◆ WORK INSTRUCTIONS: Please repeat exactly the lines below from the one containing "#55=ORIENTED_EDGE('',*,*,#54,.T.);" down to the one containing "#105=VECTOR('',#104,1.);", both included, and nothing else.

MATERIAL SUPPLIED Start Marker

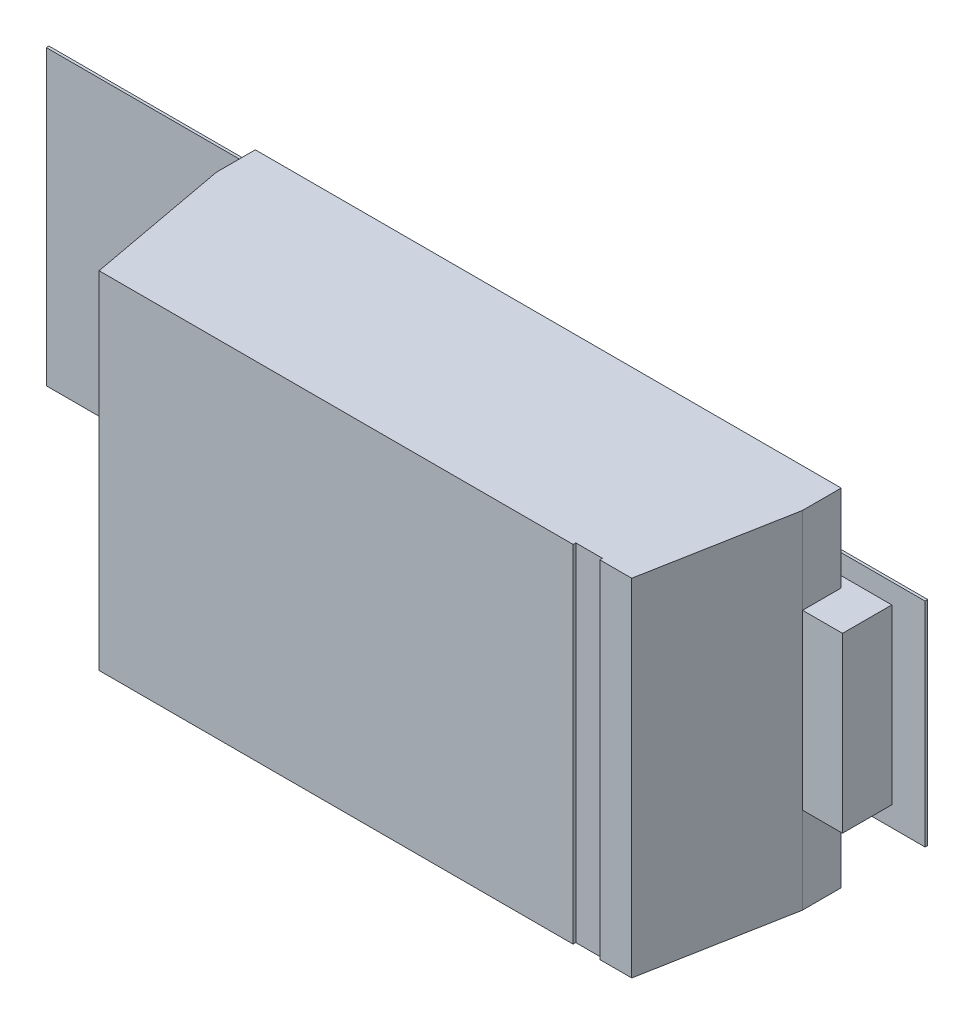
ISO-10303-21;
HEADER;
FILE_DESCRIPTION(('STEP AP214'),'2;1');
FILE_NAME('part.step','',(''),(''),'','','');
FILE_SCHEMA(('AUTOMOTIVE_DESIGN { 1 0 10303 214 1 1 1 1 }'));
ENDSEC;
DATA;
#1=APPLICATION_CONTEXT('core data for automotive mechanical design processes');
#2=APPLICATION_PROTOCOL_DEFINITION('international standard','automotive_design',2000,#1);
#3=PRODUCT_CONTEXT('',#1,'mechanical');
#4=PRODUCT('Part','Part','',(#3));
#5=PRODUCT_RELATED_PRODUCT_CATEGORY('part','',(#4));
#6=PRODUCT_DEFINITION_FORMATION('','',#4);
#7=PRODUCT_DEFINITION_CONTEXT('part definition',#1,'design');
#8=PRODUCT_DEFINITION('design','',#6,#7);
#9=PRODUCT_DEFINITION_SHAPE('','',#8);
#10=(LENGTH_UNIT() NAMED_UNIT(*) SI_UNIT(.MILLI.,.METRE.));
#11=(NAMED_UNIT(*) PLANE_ANGLE_UNIT() SI_UNIT($,.RADIAN.));
#12=(NAMED_UNIT(*) SI_UNIT($,.STERADIAN.) SOLID_ANGLE_UNIT());
#13=UNCERTAINTY_MEASURE_WITH_UNIT(LENGTH_MEASURE(1.E-05),#10,'distance_accuracy_value','');
#14=(GEOMETRIC_REPRESENTATION_CONTEXT(3) GLOBAL_UNCERTAINTY_ASSIGNED_CONTEXT((#13)) GLOBAL_UNIT_ASSIGNED_CONTEXT((#10,
#11,#12)) REPRESENTATION_CONTEXT('',''));
#15=CARTESIAN_POINT('',(0.,0.,0.));
#16=DIRECTION('',(0.,0.,1.));
#17=DIRECTION('',(1.,0.,0.));
#18=AXIS2_PLACEMENT_3D('',#15,#16,#17);
#19=CARTESIAN_POINT('',(-1.09999999999992,-0.64999999999994,0.272199999999978));
#20=DIRECTION('',(0.983318171348509,0.,-0.181893853375602));
#21=DIRECTION('',(0.,-1.,0.));
#22=AXIS2_PLACEMENT_3D('',#19,#20,#21);
#23=PLANE('',#22);
#24=DIRECTION('',(0.181893853375602,0.,0.983318171348509));
#25=VECTOR('',#24,1.);
#26=CARTESIAN_POINT('',(-1.09999999999992,0.64999999999994,0.272199999999978));
#27=LINE('',#26,#25);
#28=CARTESIAN_POINT('',(-1.09999999999992,0.64999999999994,0.272199999999978));
#29=VERTEX_POINT('',#28);
#30=CARTESIAN_POINT('',(-1.00000000000006,0.64999999999994,0.8128));
#31=VERTEX_POINT('',#30);
#32=EDGE_CURVE('E615',#29,#31,#27,.T.);
#33=ORIENTED_EDGE('',*,*,#32,.F.);
#34=DIRECTION('',(0.,-1.,0.));
#35=VECTOR('',#34,1.);
#36=CARTESIAN_POINT('',(-1.09999999999992,0.64999999999994,0.272199999999978));
#37=LINE('',#36,#35);
#38=CARTESIAN_POINT('',(-1.09999999999992,-0.64999999999994,0.272199999999978));
#39=VERTEX_POINT('',#38);
#40=EDGE_CURVE('E343',#29,#39,#37,.T.);
#41=ORIENTED_EDGE('',*,*,#40,.T.);
#42=DIRECTION('',(0.181893853375602,0.,0.983318171348509));
#43=VECTOR('',#42,1.);
#44=CARTESIAN_POINT('',(-1.09999999999992,-0.64999999999994,0.272199999999978));
#45=LINE('',#44,#43);
#46=CARTESIAN_POINT('',(-1.00000000000006,-0.64999999999994,0.8128));
#47=VERTEX_POINT('',#46);
#48=EDGE_CURVE('E384',#39,#47,#45,.T.);
#49=ORIENTED_EDGE('',*,*,#48,.T.);
#50=DIRECTION('',(0.,1.,0.));
#51=VECTOR('',#50,1.);
#52=CARTESIAN_POINT('',(-1.00000000000006,-0.64999999999994,0.8128));
#53=LINE('',#52,#51);
#54=EDGE_CURVE('E380',#47,#31,#53,.T.);
#55=ORIENTED_EDGE('',*,*,#54,.T.);
#56=EDGE_LOOP('',(#33,#41,#49,#55));
#57=FACE_BOUND('',#56,.T.);
#58=ADVANCED_FACE('F17',(#57),#23,.F.);
#59=CARTESIAN_POINT('',(1.25000000000008,-0.32499999999997,0.0762));
#60=DIRECTION('',(1.,0.,0.));
#61=DIRECTION('',(0.,1.,0.));
#62=AXIS2_PLACEMENT_3D('',#59,#60,#61);
#63=PLANE('',#62);
#64=DIRECTION('',(0.,1.,0.));
#65=VECTOR('',#64,1.);
#66=CARTESIAN_POINT('',(1.25000000000008,-0.32499999999997,0.0862000000000108));
#67=LINE('',#66,#65);
#68=CARTESIAN_POINT('',(1.25000000000008,-0.32499999999997,0.0862000000000108));
#69=VERTEX_POINT('',#68);
#70=CARTESIAN_POINT('',(1.25000000000008,0.32499999999997,0.0862000000000108));
#71=VERTEX_POINT('',#70);
#72=EDGE_CURVE('E312',#69,#71,#67,.T.);
#73=ORIENTED_EDGE('',*,*,#72,.T.);
#74=DIRECTION('',(0.,0.,1.));
#75=VECTOR('',#74,1.);
#76=CARTESIAN_POINT('',(1.25000000000008,0.32499999999997,0.0862000000000108));
#77=LINE('',#76,#75);
#78=CARTESIAN_POINT('',(1.25000000000008,0.32499999999997,0.271199999999982));
#79=VERTEX_POINT('',#78);
#80=EDGE_CURVE('E11',#71,#79,#77,.T.);
#81=ORIENTED_EDGE('',*,*,#80,.T.);
#82=DIRECTION('',(0.,1.,0.));
#83=VECTOR('',#82,1.);
#84=CARTESIAN_POINT('',(1.25000000000008,-0.32499999999997,0.271199999999982));
#85=LINE('',#84,#83);
#86=CARTESIAN_POINT('',(1.25000000000008,-0.32499999999997,0.271199999999982));
#87=VERTEX_POINT('',#86);
#88=EDGE_CURVE('E479',#87,#79,#85,.T.);
#89=ORIENTED_EDGE('',*,*,#88,.F.);
#90=DIRECTION('',(0.,0.,1.));
#91=VECTOR('',#90,1.);
#92=CARTESIAN_POINT('',(1.25000000000008,-0.32499999999997,0.0862000000000108));
#93=LINE('',#92,#91);
#94=EDGE_CURVE('E315',#69,#87,#93,.T.);
#95=ORIENTED_EDGE('',*,*,#94,.F.);
#96=EDGE_LOOP('',(#73,#81,#89,#95));
#97=FACE_BOUND('',#96,.T.);
#98=ADVANCED_FACE('F666',(#97),#63,.T.);
#99=CARTESIAN_POINT('',(1.25000000000008,0.32499999999997,0.0762));
#100=DIRECTION('',(0.,1.,0.));
#101=DIRECTION('',(1.,0.,0.));
#102=AXIS2_PLACEMENT_3D('',#99,#100,#101);
#103=PLANE('',#102);
#104=DIRECTION('',(-1.,0.,0.));
#105=VECTOR('',#104,1.);
#106=CARTESIAN_POINT('',(1.25000000000008,0.32499999999997,0.0862000000000108));
#107=LINE('',#106,#105);
#108=CARTESIAN_POINT('',(0.599999999999886,0.32499999999997,0.0862000000000108));
#109=VERTEX_POINT('',#108);
#110=EDGE_CURVE('E300',#71,#109,#107,.T.);
#111=ORIENTED_EDGE('',*,*,#110,.T.);
#112=DIRECTION('',(0.,0.,1.));
#113=VECTOR('',#112,1.);
#114=CARTESIAN_POINT('',(0.599999999999886,0.32499999999997,0.0862000000000108));
#115=LINE('',#114,#113);
#116=CARTESIAN_POINT('',(0.599999999999886,0.32499999999997,0.126200000000003));
#117=VERTEX_POINT('',#116);
#118=EDGE_CURVE('E28',#109,#117,#115,.T.);
#119=ORIENTED_EDGE('',*,*,#118,.T.);
#120=DIRECTION('',(-1.,0.,0.));
#121=VECTOR('',#120,1.);
#122=CARTESIAN_POINT('',(1.09999999999992,0.32499999999997,0.126200000000003));
#123=LINE('',#122,#121);
#124=CARTESIAN_POINT('',(1.09999999999992,0.32499999999997,0.126200000000003));
#125=VERTEX_POINT('',#124);
#126=EDGE_CURVE('E491',#125,#117,#123,.T.);
#127=ORIENTED_EDGE('',*,*,#126,.F.);
#128=DIRECTION('',(0.,0.,1.));
#129=VECTOR('',#128,1.);
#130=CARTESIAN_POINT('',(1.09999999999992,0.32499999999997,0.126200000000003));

MATERIAL SUPPLIED End Marker

◆ RESPONSE TO THIS EXERCISE:
#55=ORIENTED_EDGE('',*,*,#54,.T.);
#56=EDGE_LOOP('',(#33,#41,#49,#55));
#57=FACE_BOUND('',#56,.T.);
#58=ADVANCED_FACE('F17',(#57),#23,.F.);
#59=CARTESIAN_POINT('',(1.25000000000008,-0.32499999999997,0.0762));
#60=DIRECTION('',(1.,0.,0.));
#61=DIRECTION('',(0.,1.,0.));
#62=AXIS2_PLACEMENT_3D('',#59,#60,#61);
#63=PLANE('',#62);
#64=DIRECTION('',(0.,1.,0.));
#65=VECTOR('',#64,1.);
#66=CARTESIAN_POINT('',(1.25000000000008,-0.32499999999997,0.0862000000000108));
#67=LINE('',#66,#65);
#68=CARTESIAN_POINT('',(1.25000000000008,-0.32499999999997,0.0862000000000108));
#69=VERTEX_POINT('',#68);
#70=CARTESIAN_POINT('',(1.25000000000008,0.32499999999997,0.0862000000000108));
#71=VERTEX_POINT('',#70);
#72=EDGE_CURVE('E312',#69,#71,#67,.T.);
#73=ORIENTED_EDGE('',*,*,#72,.T.);
#74=DIRECTION('',(0.,0.,1.));
#75=VECTOR('',#74,1.);
#76=CARTESIAN_POINT('',(1.25000000000008,0.32499999999997,0.0862000000000108));
#77=LINE('',#76,#75);
#78=CARTESIAN_POINT('',(1.25000000000008,0.32499999999997,0.271199999999982));
#79=VERTEX_POINT('',#78);
#80=EDGE_CURVE('E11',#71,#79,#77,.T.);
#81=ORIENTED_EDGE('',*,*,#80,.T.);
#82=DIRECTION('',(0.,1.,0.));
#83=VECTOR('',#82,1.);
#84=CARTESIAN_POINT('',(1.25000000000008,-0.32499999999997,0.271199999999982));
#85=LINE('',#84,#83);
#86=CARTESIAN_POINT('',(1.25000000000008,-0.32499999999997,0.271199999999982));
#87=VERTEX_POINT('',#86);
#88=EDGE_CURVE('E479',#87,#79,#85,.T.);
#89=ORIENTED_EDGE('',*,*,#88,.F.);
#90=DIRECTION('',(0.,0.,1.));
#91=VECTOR('',#90,1.);
#92=CARTESIAN_POINT('',(1.25000000000008,-0.32499999999997,0.0862000000000108));
#93=LINE('',#92,#91);
#94=EDGE_CURVE('E315',#69,#87,#93,.T.);
#95=ORIENTED_EDGE('',*,*,#94,.F.);
#96=EDGE_LOOP('',(#73,#81,#89,#95));
#97=FACE_BOUND('',#96,.T.);
#98=ADVANCED_FACE('F666',(#97),#63,.T.);
#99=CARTESIAN_POINT('',(1.25000000000008,0.32499999999997,0.0762));
#100=DIRECTION('',(0.,1.,0.));
#101=DIRECTION('',(1.,0.,0.));
#102=AXIS2_PLACEMENT_3D('',#99,#100,#101);
#103=PLANE('',#102);
#104=DIRECTION('',(-1.,0.,0.));
#105=VECTOR('',#104,1.);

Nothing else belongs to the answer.